* [Prompt] Check every line below for the word "exitDy" and give only the number of lines where it appears.

* [Records]
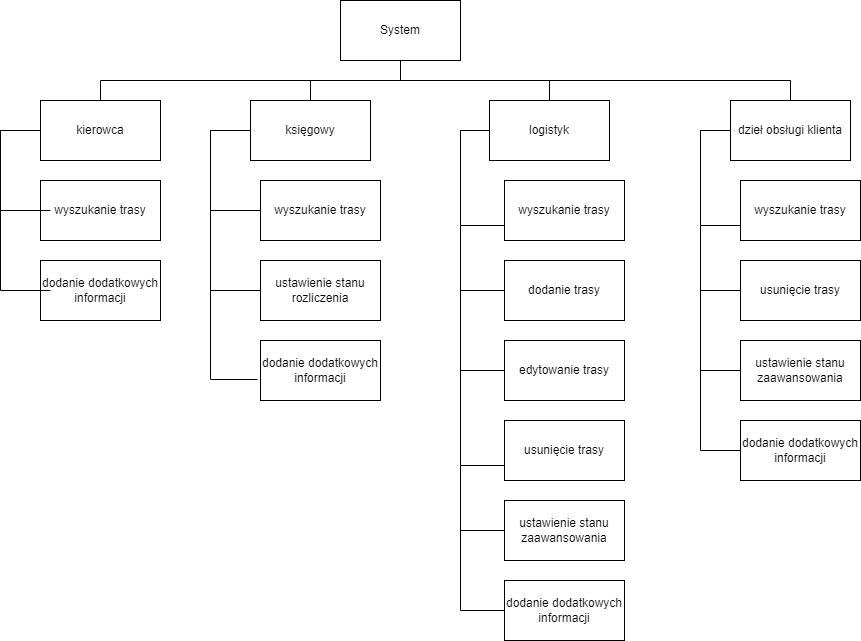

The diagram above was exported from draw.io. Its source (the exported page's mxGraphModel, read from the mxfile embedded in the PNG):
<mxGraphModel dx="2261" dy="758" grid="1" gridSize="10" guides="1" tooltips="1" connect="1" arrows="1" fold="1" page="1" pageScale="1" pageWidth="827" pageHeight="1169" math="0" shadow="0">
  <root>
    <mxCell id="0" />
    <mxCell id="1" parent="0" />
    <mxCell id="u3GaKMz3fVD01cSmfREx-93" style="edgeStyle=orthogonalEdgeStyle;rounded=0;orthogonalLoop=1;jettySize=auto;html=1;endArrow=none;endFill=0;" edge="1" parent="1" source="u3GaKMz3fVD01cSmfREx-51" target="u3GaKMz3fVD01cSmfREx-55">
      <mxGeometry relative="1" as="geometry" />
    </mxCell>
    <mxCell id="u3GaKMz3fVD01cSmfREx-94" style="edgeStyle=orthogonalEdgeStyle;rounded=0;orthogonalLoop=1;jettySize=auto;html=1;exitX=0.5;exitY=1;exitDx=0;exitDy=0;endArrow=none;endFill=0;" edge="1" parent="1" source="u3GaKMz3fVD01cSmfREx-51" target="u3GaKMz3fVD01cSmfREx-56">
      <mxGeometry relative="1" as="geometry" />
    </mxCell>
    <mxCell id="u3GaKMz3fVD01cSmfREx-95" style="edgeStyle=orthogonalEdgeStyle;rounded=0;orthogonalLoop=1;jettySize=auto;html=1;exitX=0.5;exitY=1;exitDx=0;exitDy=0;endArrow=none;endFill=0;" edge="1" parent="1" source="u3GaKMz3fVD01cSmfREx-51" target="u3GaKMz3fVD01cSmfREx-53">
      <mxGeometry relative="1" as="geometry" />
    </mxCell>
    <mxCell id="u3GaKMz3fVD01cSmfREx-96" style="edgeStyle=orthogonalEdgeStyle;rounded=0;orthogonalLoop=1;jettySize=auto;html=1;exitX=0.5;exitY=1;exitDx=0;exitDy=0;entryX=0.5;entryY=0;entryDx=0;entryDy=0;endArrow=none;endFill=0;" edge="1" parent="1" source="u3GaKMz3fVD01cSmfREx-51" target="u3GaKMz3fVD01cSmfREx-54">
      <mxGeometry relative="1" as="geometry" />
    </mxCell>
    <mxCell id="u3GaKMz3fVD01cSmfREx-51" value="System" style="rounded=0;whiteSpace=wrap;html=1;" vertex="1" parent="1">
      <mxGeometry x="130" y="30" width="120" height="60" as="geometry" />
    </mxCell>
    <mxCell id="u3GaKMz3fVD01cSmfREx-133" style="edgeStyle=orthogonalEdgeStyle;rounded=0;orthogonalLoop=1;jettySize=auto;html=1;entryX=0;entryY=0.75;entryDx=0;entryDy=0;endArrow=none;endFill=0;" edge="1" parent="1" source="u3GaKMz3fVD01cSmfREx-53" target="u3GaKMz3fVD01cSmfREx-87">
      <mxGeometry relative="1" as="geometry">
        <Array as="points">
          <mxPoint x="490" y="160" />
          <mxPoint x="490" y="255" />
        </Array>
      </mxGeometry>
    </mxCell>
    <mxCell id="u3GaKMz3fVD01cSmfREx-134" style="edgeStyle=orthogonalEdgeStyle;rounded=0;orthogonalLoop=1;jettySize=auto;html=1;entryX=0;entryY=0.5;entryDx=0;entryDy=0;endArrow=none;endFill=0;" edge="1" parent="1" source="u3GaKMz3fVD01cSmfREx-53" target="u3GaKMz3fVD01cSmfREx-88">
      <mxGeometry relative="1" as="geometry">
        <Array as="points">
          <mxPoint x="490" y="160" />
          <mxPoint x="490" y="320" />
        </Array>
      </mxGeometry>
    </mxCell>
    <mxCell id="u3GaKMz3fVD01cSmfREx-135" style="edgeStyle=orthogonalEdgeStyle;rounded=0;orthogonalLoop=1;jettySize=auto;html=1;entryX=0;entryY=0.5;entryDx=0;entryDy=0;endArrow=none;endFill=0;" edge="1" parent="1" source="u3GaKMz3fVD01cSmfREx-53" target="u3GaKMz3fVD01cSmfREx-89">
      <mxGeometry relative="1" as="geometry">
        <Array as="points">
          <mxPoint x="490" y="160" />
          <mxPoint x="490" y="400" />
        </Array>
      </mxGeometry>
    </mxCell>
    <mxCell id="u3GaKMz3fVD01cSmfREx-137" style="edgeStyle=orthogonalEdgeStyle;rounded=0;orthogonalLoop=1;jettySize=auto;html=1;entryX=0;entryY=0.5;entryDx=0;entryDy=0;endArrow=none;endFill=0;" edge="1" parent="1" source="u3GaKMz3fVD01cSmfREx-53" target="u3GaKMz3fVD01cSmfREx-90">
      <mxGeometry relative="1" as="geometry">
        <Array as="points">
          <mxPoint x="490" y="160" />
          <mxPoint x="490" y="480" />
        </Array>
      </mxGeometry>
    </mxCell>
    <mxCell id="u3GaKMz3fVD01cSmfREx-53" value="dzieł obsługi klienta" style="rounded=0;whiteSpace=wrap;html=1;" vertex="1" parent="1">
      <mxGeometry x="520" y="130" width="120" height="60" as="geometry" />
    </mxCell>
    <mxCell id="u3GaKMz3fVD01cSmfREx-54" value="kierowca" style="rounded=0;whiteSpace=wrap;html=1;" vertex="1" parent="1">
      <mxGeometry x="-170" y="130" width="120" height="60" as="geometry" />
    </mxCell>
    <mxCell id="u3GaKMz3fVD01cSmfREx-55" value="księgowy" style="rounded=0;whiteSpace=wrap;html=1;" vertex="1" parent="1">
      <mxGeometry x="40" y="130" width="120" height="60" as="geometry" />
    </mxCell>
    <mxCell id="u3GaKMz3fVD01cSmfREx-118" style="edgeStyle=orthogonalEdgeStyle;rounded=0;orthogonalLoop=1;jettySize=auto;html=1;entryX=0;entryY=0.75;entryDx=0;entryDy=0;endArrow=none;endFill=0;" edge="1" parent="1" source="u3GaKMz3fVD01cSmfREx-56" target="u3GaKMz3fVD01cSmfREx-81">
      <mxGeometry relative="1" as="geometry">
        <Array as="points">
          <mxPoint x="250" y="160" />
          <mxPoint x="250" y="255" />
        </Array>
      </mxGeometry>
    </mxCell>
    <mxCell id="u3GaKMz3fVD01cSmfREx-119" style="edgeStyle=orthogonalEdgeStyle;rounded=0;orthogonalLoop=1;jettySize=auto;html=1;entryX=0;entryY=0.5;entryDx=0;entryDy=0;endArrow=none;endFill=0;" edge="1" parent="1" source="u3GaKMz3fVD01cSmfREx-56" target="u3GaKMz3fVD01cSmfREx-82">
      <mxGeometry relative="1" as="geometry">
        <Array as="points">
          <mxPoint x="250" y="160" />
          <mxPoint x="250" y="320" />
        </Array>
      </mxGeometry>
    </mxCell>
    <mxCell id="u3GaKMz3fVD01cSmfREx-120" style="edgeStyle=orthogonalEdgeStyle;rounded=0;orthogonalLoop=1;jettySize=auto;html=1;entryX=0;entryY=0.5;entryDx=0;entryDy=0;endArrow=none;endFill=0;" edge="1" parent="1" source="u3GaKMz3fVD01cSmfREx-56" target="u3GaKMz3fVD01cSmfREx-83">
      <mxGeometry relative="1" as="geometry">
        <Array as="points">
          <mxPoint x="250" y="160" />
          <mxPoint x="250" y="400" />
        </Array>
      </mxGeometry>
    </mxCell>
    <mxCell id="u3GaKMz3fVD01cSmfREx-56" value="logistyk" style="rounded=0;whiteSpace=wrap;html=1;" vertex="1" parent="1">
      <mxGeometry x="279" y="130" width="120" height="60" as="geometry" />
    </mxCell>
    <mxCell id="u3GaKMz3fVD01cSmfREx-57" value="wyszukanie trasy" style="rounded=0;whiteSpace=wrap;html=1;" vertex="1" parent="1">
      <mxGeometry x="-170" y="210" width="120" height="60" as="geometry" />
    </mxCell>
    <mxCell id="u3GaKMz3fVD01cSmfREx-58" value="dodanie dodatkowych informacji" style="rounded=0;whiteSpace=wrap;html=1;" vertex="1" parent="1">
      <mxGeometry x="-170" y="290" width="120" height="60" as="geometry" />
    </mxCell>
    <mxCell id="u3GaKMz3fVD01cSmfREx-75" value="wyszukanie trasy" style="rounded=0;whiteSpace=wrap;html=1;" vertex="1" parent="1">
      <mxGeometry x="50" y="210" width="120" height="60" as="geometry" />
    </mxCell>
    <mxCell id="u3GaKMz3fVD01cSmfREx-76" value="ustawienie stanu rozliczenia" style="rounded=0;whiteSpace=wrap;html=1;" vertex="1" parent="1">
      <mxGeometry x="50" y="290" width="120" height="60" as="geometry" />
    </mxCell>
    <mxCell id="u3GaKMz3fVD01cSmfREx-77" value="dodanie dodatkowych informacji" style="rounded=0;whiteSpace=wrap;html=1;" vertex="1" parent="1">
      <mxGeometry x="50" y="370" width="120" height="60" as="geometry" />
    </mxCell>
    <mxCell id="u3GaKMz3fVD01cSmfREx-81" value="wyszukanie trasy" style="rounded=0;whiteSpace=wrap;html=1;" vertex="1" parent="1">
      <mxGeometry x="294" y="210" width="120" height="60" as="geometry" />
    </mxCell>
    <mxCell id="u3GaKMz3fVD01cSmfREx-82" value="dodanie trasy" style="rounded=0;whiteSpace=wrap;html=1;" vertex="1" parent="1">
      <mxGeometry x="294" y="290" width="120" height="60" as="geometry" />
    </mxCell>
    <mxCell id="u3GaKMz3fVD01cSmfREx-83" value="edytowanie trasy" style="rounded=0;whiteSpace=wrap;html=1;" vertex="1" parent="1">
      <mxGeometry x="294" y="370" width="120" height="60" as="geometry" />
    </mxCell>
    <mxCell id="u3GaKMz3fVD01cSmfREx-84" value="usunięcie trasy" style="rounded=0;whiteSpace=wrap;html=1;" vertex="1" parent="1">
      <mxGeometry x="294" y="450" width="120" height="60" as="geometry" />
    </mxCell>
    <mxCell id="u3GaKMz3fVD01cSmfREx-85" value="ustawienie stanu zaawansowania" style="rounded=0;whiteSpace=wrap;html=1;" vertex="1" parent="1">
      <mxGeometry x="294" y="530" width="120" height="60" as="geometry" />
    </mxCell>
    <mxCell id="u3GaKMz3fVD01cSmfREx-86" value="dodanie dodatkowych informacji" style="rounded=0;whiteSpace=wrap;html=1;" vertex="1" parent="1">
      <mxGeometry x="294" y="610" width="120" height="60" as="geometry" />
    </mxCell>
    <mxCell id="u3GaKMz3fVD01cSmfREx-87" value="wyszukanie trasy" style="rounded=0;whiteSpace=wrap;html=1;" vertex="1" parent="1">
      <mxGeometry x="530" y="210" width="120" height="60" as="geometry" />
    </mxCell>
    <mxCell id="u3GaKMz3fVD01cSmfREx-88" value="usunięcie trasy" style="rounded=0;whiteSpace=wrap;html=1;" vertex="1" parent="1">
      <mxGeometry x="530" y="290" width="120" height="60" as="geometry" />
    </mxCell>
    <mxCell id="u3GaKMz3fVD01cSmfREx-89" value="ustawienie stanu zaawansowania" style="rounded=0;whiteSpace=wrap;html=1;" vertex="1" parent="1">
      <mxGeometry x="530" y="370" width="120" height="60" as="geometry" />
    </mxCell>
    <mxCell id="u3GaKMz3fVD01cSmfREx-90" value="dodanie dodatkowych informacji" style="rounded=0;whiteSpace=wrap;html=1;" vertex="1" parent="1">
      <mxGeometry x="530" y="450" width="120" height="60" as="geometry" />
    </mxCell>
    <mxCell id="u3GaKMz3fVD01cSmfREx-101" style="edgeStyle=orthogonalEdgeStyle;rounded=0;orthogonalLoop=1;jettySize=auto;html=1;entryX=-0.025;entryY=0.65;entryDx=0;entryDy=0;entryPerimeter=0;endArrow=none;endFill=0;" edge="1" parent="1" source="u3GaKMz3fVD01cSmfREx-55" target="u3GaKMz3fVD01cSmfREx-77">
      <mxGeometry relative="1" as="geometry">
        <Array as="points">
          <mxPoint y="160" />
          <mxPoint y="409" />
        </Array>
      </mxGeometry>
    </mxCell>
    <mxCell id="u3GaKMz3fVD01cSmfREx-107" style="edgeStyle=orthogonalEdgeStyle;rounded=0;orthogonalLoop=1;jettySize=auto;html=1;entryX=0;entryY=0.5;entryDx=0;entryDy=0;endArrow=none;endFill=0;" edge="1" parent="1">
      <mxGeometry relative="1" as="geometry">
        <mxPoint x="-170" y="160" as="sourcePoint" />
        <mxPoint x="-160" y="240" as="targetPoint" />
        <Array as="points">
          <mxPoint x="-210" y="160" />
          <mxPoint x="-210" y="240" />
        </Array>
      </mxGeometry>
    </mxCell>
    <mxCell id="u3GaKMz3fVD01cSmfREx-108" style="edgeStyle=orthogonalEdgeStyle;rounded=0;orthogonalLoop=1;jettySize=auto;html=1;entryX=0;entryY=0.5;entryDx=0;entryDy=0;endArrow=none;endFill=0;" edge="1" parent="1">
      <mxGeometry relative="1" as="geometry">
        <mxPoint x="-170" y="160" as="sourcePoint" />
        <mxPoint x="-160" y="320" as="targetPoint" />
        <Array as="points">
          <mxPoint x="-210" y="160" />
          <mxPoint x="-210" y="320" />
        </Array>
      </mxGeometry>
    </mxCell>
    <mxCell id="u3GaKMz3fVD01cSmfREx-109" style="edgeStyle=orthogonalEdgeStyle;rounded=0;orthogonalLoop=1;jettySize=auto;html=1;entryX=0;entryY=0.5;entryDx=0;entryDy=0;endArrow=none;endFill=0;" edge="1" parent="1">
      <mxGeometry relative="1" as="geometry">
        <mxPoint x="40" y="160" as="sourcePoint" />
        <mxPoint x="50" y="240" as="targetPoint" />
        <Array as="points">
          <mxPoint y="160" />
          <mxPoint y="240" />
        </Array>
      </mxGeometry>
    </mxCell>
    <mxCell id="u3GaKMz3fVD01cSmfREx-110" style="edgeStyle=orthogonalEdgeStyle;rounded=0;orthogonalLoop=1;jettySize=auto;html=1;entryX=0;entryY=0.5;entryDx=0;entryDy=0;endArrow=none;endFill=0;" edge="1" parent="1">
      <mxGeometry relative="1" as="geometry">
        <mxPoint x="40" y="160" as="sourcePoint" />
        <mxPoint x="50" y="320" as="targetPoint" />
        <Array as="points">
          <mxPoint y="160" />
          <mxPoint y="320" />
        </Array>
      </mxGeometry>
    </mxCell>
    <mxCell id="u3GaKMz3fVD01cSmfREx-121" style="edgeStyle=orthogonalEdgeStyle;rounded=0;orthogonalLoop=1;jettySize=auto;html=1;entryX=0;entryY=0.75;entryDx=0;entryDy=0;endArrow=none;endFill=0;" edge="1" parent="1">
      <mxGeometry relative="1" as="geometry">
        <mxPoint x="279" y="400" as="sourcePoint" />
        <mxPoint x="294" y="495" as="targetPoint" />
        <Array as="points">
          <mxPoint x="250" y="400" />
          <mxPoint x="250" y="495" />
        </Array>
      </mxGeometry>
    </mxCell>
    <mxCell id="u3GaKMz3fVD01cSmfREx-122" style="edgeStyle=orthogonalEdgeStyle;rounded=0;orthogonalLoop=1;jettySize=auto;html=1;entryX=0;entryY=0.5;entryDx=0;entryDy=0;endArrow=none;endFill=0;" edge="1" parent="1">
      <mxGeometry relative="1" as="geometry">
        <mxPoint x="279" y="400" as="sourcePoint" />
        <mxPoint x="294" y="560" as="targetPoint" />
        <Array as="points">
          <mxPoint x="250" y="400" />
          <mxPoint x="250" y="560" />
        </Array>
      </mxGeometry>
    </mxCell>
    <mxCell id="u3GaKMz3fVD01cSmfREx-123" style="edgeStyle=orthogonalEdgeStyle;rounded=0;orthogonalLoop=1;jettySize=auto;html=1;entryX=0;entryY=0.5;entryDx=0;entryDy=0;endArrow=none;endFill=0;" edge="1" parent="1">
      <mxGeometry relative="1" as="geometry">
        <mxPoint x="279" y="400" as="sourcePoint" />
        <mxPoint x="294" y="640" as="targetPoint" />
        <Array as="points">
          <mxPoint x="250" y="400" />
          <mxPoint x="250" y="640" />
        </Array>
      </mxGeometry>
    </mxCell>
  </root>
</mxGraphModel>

* [Response below] 3